This program will help you determine which kernel modules you need
to load to use lm_sensors most effectively. It is generally safe
and recommended to accept the default answers to all questions,
unless you know what you're doing.

Some south bridges, CPUs or memory controllers contain embedded sensors.
Do you want to scan for them? This is totally safe. (YES/no): y
Module cpuid loaded successfully.
Silicon Integrated Systems SIS5595...                       No
VIA VT82C686 Integrated Sensors...                          No
VIA VT8231 Integrated Sensors...                            No
AMD K8 thermal sensors...                                   No
AMD Family 10h thermal sensors...                           No
AMD Family 11h thermal sensors...                           No
AMD Family 12h and 14h thermal sensors...                   No
AMD Family 15h thermal sensors...                           No
AMD Family 15h power sensors...                             No
AMD Family 16h power sensors...                             No
Intel digital thermal sensor...                             Success!
    (driver `coretemp')
Intel AMB FB-DIMM thermal sensor...                         No
VIA C7 thermal sensor...                                    No
VIA Nano thermal sensor...                                  No

Some Super I/O chips contain embedded sensors.

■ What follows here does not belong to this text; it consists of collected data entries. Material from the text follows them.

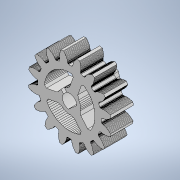
# Autodesk Inventor part: Ведущая шестерня дифференециала
Saved by Autodesk Inventor 2020 (Build 240168000, 168)
## iProperties
Created: 2021-05-23
Part Number: Ведущая шестерня дифференециала
Material: Типовые
Document SubType Name: Modeling
Designer: Антон
Density: 1 g/cm^3
Appearance: По умолчанию
Author: Антон
Autodesk Inventor part; units mm, degrees
(part 1 of 3)
ref_plane "YZ Plane" through (0, 0, 0) normal (1, 0, 0) x (0, 1, 0)
ref_plane "XZ Plane" through (0, 0, 0) normal (0, 1, 0) x (-1, 0, 0)
ref_plane "XY Plane" through (0, 0, 0) normal (0, 0, 1) x (1, 0, 0)
sketch "Эскиз1" plane through (0, 0, 0) normal (0, 0, 1) x (1, 0, 0)
  line L0 (2.5611, 6.8642) -> (2.4911, 6.9572)
  line L1 (2.4911, 6.9572) -> (2.4434, 6.9865)
  line L2 (2.4434, 6.9865) -> (2.3996, 7.0047)
  line L3 (2.3996, 7.0047) -> (2.3579, 7.0167)
  line L4 (2.3579, 7.0167) -> (2.3175, 7.0247)
  line L5 (2.3175, 7.0247) -> (2.2396, 7.0322)
  line L6 (2.2396, 7.0322) -> (2.1643, 7.0316)
  line L7 (2.1643, 7.0316) -> (2.0908, 7.025)
  line L8 (2.0908, 7.025) -> (2.0188, 7.0137)
  line L9 (2.0188, 7.0137) -> (1.8782, 6.9801)
  line L10 (1.8782, 6.9801) -> (1.7338, 6.9594)
  line L11 (1.7338, 6.9594) -> (1.5851, 6.9529)
  line L12 (1.5851, 6.9529) -> (1.4337, 6.9569)
  line L13 (1.4337, 6.9569) -> (1.28, 6.9698)
  line L14 (1.28, 6.9698) -> (1.1244, 6.9908)
  line L15 (1.1244, 6.9908) -> (0.9673, 7.0195)
  line L16 (0.9673, 7.0195) -> (0.8089, 7.0554)
  line L17 (0.8089, 7.0554) -> (0.6494, 7.0984)
  line L18 (0.6494, 7.0984) -> (0.4891, 7.1482)
  line L19 (0.4891, 7.1482) -> (0.3281, 7.2047)
  line L20 (0.3281, 7.2047) -> (0.207, 7.2514)
  line L21 (0.207, 7.2514) -> (0.1014, 7.8296)
  line L22 (0.1014, 7.8296) -> (0.1981, 7.9161)
  line L23 (0.1981, 7.9161) -> (0.3288, 8.0259)
  line L24 (0.3288, 8.0259) -> (0.4612, 8.1291)
  line L25 (0.4612, 8.1291) -> (0.5952, 8.2257)
  line L26 (0.5952, 8.2257) -> (0.7307, 8.3154)
  line L27 (0.7307, 8.3154) -> (0.8675, 8.3977)
  line L28 (0.8675, 8.3977) -> (1.0056, 8.4724)
  line L29 (1.0056, 8.4724) -> (1.1448, 8.5388)
  line L30 (1.1448, 8.5388) -> (1.2851, 8.596)
  line L31 (1.2851, 8.596) -> (1.4264, 8.6425)
  line L32 (1.4264, 8.6425) -> (1.5688, 8.6742)
  line L33 (1.5688, 8.6742) -> (1.7122, 8.6925)
  line L34 (1.7122, 8.6925) -> (1.7836, 8.7073)
  line L35 (1.7836, 8.7073) -> (1.8546, 8.7271)
  line L36 (1.8546, 8.7271) -> (1.9253, 8.7532)
  line L37 (1.9253, 8.7532) -> (1.9955, 8.7878)
  line L38 (1.9955, 8.7878) -> (2.0305, 8.8095)
  line L39 (2.0305, 8.8095) -> (2.0653, 8.8355)
  line L40 (2.0653, 8.8355) -> (2.0998, 8.868)
  line L41 (2.0998, 8.868) -> (2.1341, 8.9122)
  line L42 (2.1341, 8.9122) -> (2.1666, 9.024)
  line L43 (2.1666, 9.024) -> (2.1753, 9.5784)
  line L44 (2.1753, 9.5784) -> (2.1463, 9.6911)
  line L45 (2.1463, 9.6911) -> (2.1135, 9.7365)
  line L46 (2.1135, 9.7365) -> (2.08, 9.77)
  line L47 (2.08, 9.77) -> (2.046, 9.7971)
  line L48 (2.046, 9.7971) -> (2.0118, 9.8199)
  line L49 (2.0118, 9.8199) -> (1.9426, 9.8567)
  line L50 (1.9426, 9.8567) -> (1.8728, 9.885)
  line L51 (1.8728, 9.885) -> (1.8024, 9.907)
  line L52 (1.8024, 9.907) -> (1.7316, 9.924)
  line L53 (1.7316, 9.924) -> (1.5888, 9.9468)
  line L54 (1.5888, 9.9468) -> (1.4474, 9.983)
  line L55 (1.4474, 9.983) -> (1.3076, 10.0339)
  line L56 (1.3076, 10.0339) -> (1.1692, 10.0955)
  line L57 (1.1692, 10.0955) -> (1.0322, 10.1662)
  line L58 (1.0322, 10.1662) -> (0.8965, 10.2452)
  line L59 (0.8965, 10.2452) -> (0.7623, 10.3318)
  line L60 (0.7623, 10.3318) -> (0.6297, 10.4256)
  line L61 (0.6297, 10.4256) -> (0.4989, 10.5264)
  line L62 (0.4989, 10.5264) -> (0.3698, 10.6338)
  line L63 (0.3698, 10.6338) -> (0.2426, 10.7476)
  line L64 (0.2426, 10.7476) -> (0.1486, 10.8371)
  line L65 (0.1486, 10.8371) -> (0.2723, 11.4117)
  line L66 (0.2723, 11.4117) -> (0.3948, 11.4545)
  line L67 (0.3948, 11.4545) -> (0.5575, 11.506)
  line L68 (0.5575, 11.506) -> (0.7194, 11.5507)
  line L69 (0.7194, 11.5507) -> (0.8801, 11.5887)
  line L70 (0.8801, 11.5887) -> (1.0396, 11.6196)
  line L71 (1.0396, 11.6196) -> (1.1975, 11.6434)
  line L72 (1.1975, 11.6434) -> (1.3537, 11.6595)
  line L73 (1.3537, 11.6595) -> (1.5077, 11.6676)
  line L74 (1.5077, 11.6676) -> (1.6592, 11.6667)
  line L75 (1.6592, 11.6667) -> (1.8075, 11.6556)
  line L76 (1.8075, 11.6556) -> (1.9513, 11.6304)
  line L77 (1.9513, 11.6304) -> (2.0908, 11.5924)
  line L78 (2.0908, 11.5924) -> (2.1623, 11.5788)
  line L79 (2.1623, 11.5788) -> (2.2355, 11.5699)
  line L80 (2.2355, 11.5699) -> (2.3108, 11.567)
  line L81 (2.3108, 11.567) -> (2.389, 11.572)
  line L82 (2.389, 11.572) -> (2.4296, 11.5787)
  line L83 (2.4296, 11.5787) -> (2.4717, 11.5894)
  line L84 (2.4717, 11.5894) -> (2.516, 11.6062)
  line L85 (2.516, 11.6062) -> (2.5646, 11.634)
  line L86 (2.5646, 11.634) -> (2.6374, 11.7248)
  line L87 (2.6374, 11.7248) -> (2.8577, 12.2337)
  line L88 (2.8577, 12.2337) -> (2.874, 12.3489)
  line L89 (2.874, 12.3489) -> (2.861, 12.4034)
  line L90 (2.861, 12.4034) -> (2.8428, 12.4472)
  line L91 (2.8428, 12.4472) -> (2.8219, 12.4852)
  line L92 (2.8219, 12.4852) -> (2.799, 12.5194)
  line L93 (2.799, 12.5194) -> (2.7491, 12.5798)
  line L94 (2.7491, 12.5798) -> (2.6954, 12.6327)
  line L95 (2.6954, 12.6327) -> (2.6389, 12.6799)
  line L96 (2.6389, 12.6799) -> (2.5799, 12.7228)
  line L97 (2.5799, 12.7228) -> (2.4568, 12.7985)
  line L98 (2.4568, 12.7985) -> (2.34, 12.886)
  line L99 (2.34, 12.886) -> (2.2303, 12.9865)
  line L100 (2.2303, 12.9865) -> (2.126, 13.0964)
  line L101 (2.126, 13.0964) -> (2.0265, 13.2142)
  line L102 (2.0265, 13.2142) -> (1.9313, 13.3391)
  line L103 (1.9313, 13.3391) -> (1.8405, 13.4704)
  line L104 (1.8405, 13.4704) -> (1.7539, 13.6079)
  line L105 (1.7539, 13.6079) -> (1.6716, 13.7511)
  line L106 (1.6716, 13.7511) -> (1.5934, 13.8997)
  line L107 (1.5934, 13.8997) -> (1.5195, 14.0535)
  line L108 (1.5195, 14.0535) -> (1.4669, 14.1721)
  line L109 (1.4669, 14.1721) -> (1.8011, 14.6556)
  line L110 (1.8011, 14.6556) -> (1.9306, 14.6484)
  line L111 (1.9306, 14.6484) -> (2.1006, 14.6336)
  line L112 (2.1006, 14.6336) -> (2.2673, 14.613)
  line L113 (2.2673, 14.613) -> (2.4303, 14.5866)
  line L114 (2.4303, 14.5866) -> (2.5895, 14.5541)
  line L115 (2.5895, 14.5541) -> (2.7445, 14.5156)
  line L116 (2.7445, 14.5156) -> (2.8949, 14.4708)
  line L117 (2.8949, 14.4708) -> (3.0403, 14.4193)
  line L118 (3.0403, 14.4193) -> (3.18, 14.3605)
  line L119 (3.18, 14.3605) -> (3.3127, 14.2935)
  line L120 (3.3127, 14.2935) -> (3.4359, 14.2152)
  line L121 (3.4359, 14.2152) -> (3.5502, 14.1267)
  line L122 (3.5502, 14.1267) -> (3.6112, 14.0868)
  line L123 (3.6112, 14.0868) -> (3.6754, 14.0505)
  line L124 (3.6754, 14.0505) -> (3.7438, 14.019)
  line L125 (3.7438, 14.019) -> (3.8179, 13.9938)
  line L126 (3.8179, 13.9938) -> (3.858, 13.9844)
  line L127 (3.858, 13.9844) -> (3.901, 13.9782)
  line L128 (3.901, 13.9782) -> (3.9484, 13.9767)
  line L129 (3.9484, 13.9767) -> (4.0039, 13.9838)
  line L130 (4.0039, 13.9838) -> (4.106, 14.0398)
  line L131 (4.106, 14.0398) -> (4.5042, 14.4257)
  line L132 (4.5042, 14.4257) -> (4.5633, 14.5259)
  line L133 (4.5633, 14.5259) -> (4.5722, 14.5812)
  line L134 (4.5722, 14.5812) -> (4.5722, 14.6286)
  line L135 (4.5722, 14.6286) -> (4.5673, 14.6718)
  line L136 (4.5673, 14.6718) -> (4.5593, 14.7121)
  line L137 (4.5593, 14.7121) -> (4.5364, 14.787)
  line L138 (4.5364, 14.787) -> (4.507, 14.8564)
  line L139 (4.507, 14.8564) -> (4.4728, 14.9217)
  line L140 (4.4728, 14.9217) -> (4.4348, 14.9839)
  line L141 (4.4348, 14.9839) -> (4.3499, 15.1009)
  line L142 (4.3499, 15.1009) -> (4.2755, 15.2265)
  line L143 (4.2755, 15.2265) -> (4.2127, 15.3613)
  line L144 (4.2127, 15.3613) -> (4.1584, 15.5028)
  line L145 (4.1584, 15.5028) -> (4.1115, 15.6497)
  line L146 (4.1115, 15.6497) -> (4.0714, 15.8015)
  line L147 (4.0714, 15.8015) -> (4.0377, 15.9576)
  line L148 (4.0377, 15.9576) -> (4.0103, 16.1177)
  line L149 (4.0103, 16.1177) -> (3.989, 16.2815)
  line L150 (3.989, 16.2815) -> (3.9737, 16.4487)
  line L151 (3.9737, 16.4487) -> (3.9643, 16.6191)
  line L152 (3.9643, 16.6191) -> (3.961, 16.7488)
  line L153 (3.961, 16.7488) -> (4.4548, 17.0676)
  line L154 (4.4548, 17.0676) -> (4.5717, 17.0113)
  line L155 (4.5717, 17.0113) -> (4.7232, 16.9326)
  line L156 (4.7232, 16.9326) -> (4.8692, 16.8498)
  line L157 (4.8692, 16.8498) -> (5.0098, 16.763)
  line L158 (5.0098, 16.763) -> (5.1444, 16.6721)
  line L159 (5.1444, 16.6721) -> (5.2729, 16.5772)
  line L160 (5.2729, 16.5772) -> (5.3947, 16.4783)
  line L161 (5.3947, 16.4783) -> (5.5093, 16.375)
  line L162 (5.5093, 16.375) -> (5.6158, 16.2673)
  line L163 (5.6158, 16.2673) -> (5.7129, 16.1546)
  line L164 (5.7129, 16.1546) -> (5.7967, 16.0351)
  line L165 (5.7967, 16.0351) -> (5.8685, 15.9096)
  line L166 (5.8685, 15.9096) -> (5.9094, 15.8494)
  line L167 (5.9094, 15.8494) -> (5.9549, 15.7913)
  line L168 (5.9549, 15.7913) -> (6.0061, 15.736)
  line L169 (6.0061, 15.736) -> (6.0649, 15.6843)
  line L170 (6.0649, 15.6843) -> (6.0983, 15.6603)
  line L171 (6.0983, 15.6603) -> (6.1357, 15.6382)
  line L172 (6.1357, 15.6382) -> (6.1789, 15.6187)
  line L173 (6.1789, 15.6187) -> (6.2329, 15.604)
  line L174 (6.2329, 15.604) -> (6.3486, 15.6166)
  line L175 (6.3486, 15.6166) -> (6.8642, 15.8208)
  line L176 (6.8642, 15.8208) -> (6.9572, 15.8907)
  line L177 (6.9572, 15.8907) -> (6.9865, 15.9384)
  line L178 (6.9865, 15.9384) -> (7.0047, 15.9822)
  line L179 (7.0047, 15.9822) -> (7.0167, 16.0239)
  line L180 (7.0167, 16.0239) -> (7.0247, 16.0643)
  line L181 (7.0247, 16.0643) -> (7.0322, 16.1423)
  line L182 (7.0322, 16.1423) -> (7.0316, 16.2176)
  line L183 (7.0316, 16.2176) -> (7.025, 16.2911)
  line L184 (7.025, 16.2911) -> (7.0137, 16.363)
  line L185 (7.0137, 16.363) -> (6.9801, 16.5036)
  line L186 (6.9801, 16.5036) -> (6.9594, 16.6481)
  line L187 (6.9594, 16.6481) -> (6.9529, 16.7967)
  line L188 (6.9529, 16.7967) -> (6.9569, 16.9482)
  line L189 (6.9569, 16.9482) -> (6.9698, 17.1019)
  line L190 (6.9698, 17.1019) -> (6.9908, 17.2574)
  line L191 (6.9908, 17.2574) -> (7.0195, 17.4145)
  line L192 (7.0195, 17.4145) -> (7.0554, 17.5729)
  line L193 (7.0554, 17.5729) -> (7.0984, 17.7324)
  line L194 (7.0984, 17.7324) -> (7.1482, 17.8928)
  line L195 (7.1482, 17.8928) -> (7.2047, 18.0538)
  line L196 (7.2047, 18.0538) -> (7.2514, 18.1749)
  line L197 (7.2514, 18.1749) -> (7.8296, 18.2805)
  line L198 (7.8296, 18.2805) -> (7.9161, 18.1837)
  line L199 (7.9161, 18.1837) -> (8.0259, 18.0531)
  line L200 (8.0259, 18.0531) -> (8.1291, 17.9207)
  line L201 (8.1291, 17.9207) -> (8.2257, 17.7867)
  line L202 (8.2257, 17.7867) -> (8.3154, 17.6512)
  line L203 (8.3154, 17.6512) -> (8.3977, 17.5144)
  line L204 (8.3977, 17.5144) -> (8.4724, 17.3763)
  line L205 (8.4724, 17.3763) -> (8.5388, 17.2371)
  line L206 (8.5388, 17.2371) -> (8.596, 17.0968)
  line L207 (8.596, 17.0968) -> (8.6425, 16.9555)
  line L208 (8.6425, 16.9555) -> (8.6742, 16.813)
  line L209 (8.6742, 16.813) -> (8.6925, 16.6696)
  line L210 (8.6925, 16.6696) -> (8.7073, 16.5983)
  line L211 (8.7073, 16.5983) -> (8.7271, 16.5273)
  line L212 (8.7271, 16.5273) -> (8.7532, 16.4566)
  line L213 (8.7532, 16.4566) -> (8.7878, 16.3863)
  line L214 (8.7878, 16.3863) -> (8.8095, 16.3514)
  line L215 (8.8095, 16.3514) -> (8.8355, 16.3166)
  line L216 (8.8355, 16.3166) -> (8.868, 16.282)
  line L217 (8.868, 16.282) -> (8.9122, 16.2478)
  line L218 (8.9122, 16.2478) -> (9.024, 16.2152)
  line L219 (9.024, 16.2152) -> (9.5784, 16.2065)
  line L220 (9.5784, 16.2065) -> (9.6911, 16.2356)
  line L221 (9.6911, 16.2356) -> (9.7365, 16.2684)
  line L222 (9.7365, 16.2684) -> (9.77, 16.3019)
  line L223 (9.77, 16.3019) -> (9.7971, 16.3359)
  line L224 (9.7971, 16.3359) -> (9.8199, 16.3701)
  line L225 (9.8199, 16.3701) -> (9.8567, 16.4393)
  line L226 (9.8567, 16.4393) -> (9.885, 16.5091)
  line L227 (9.885, 16.5091) -> (9.907, 16.5795)
  line L228 (9.907, 16.5795) -> (9.924, 16.6503)
  line L229 (9.924, 16.6503) -> (9.9468, 16.7931)
  line L230 (9.9468, 16.7931) -> (9.983, 16.9344)
  line L231 (9.983, 16.9344) -> (10.0339, 17.0742)
  line L232 (10.0339, 17.0742) -> (10.0955, 17.2126)
  line L233 (10.0955, 17.2126) -> (10.1662, 17.3497)
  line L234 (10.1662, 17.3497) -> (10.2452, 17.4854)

We have to write to
standard I/O ports to probe them. This is usually safe.
Do you want to scan for Super I/O sensors? (YES/no): n

Some hardware monitoring chips are accessible through the ISA I/O ports.
We have to write to arbitrary I/O ports to probe them. This is usually
safe though. Yes, you do have ISA I/O ports even if you do not have any
ISA slots! Do you want to scan the ISA I/O ports? (YES/no): n

Lastly, we can probe the I2C/SMBus adapters for connected hardware
monitoring devices. This is the most risky part, and while it works
reasonably well on most systems, it has been reported to cause trouble
on some systems.
Do you want to probe the I2C/SMBus adapters now? (YES/no): n

Now follows a summary of the probes I have just done.
Just press ENTER to continue: 

Driver `coretemp':
  * Chip `Intel digital thermal sensor' (confidence: 9)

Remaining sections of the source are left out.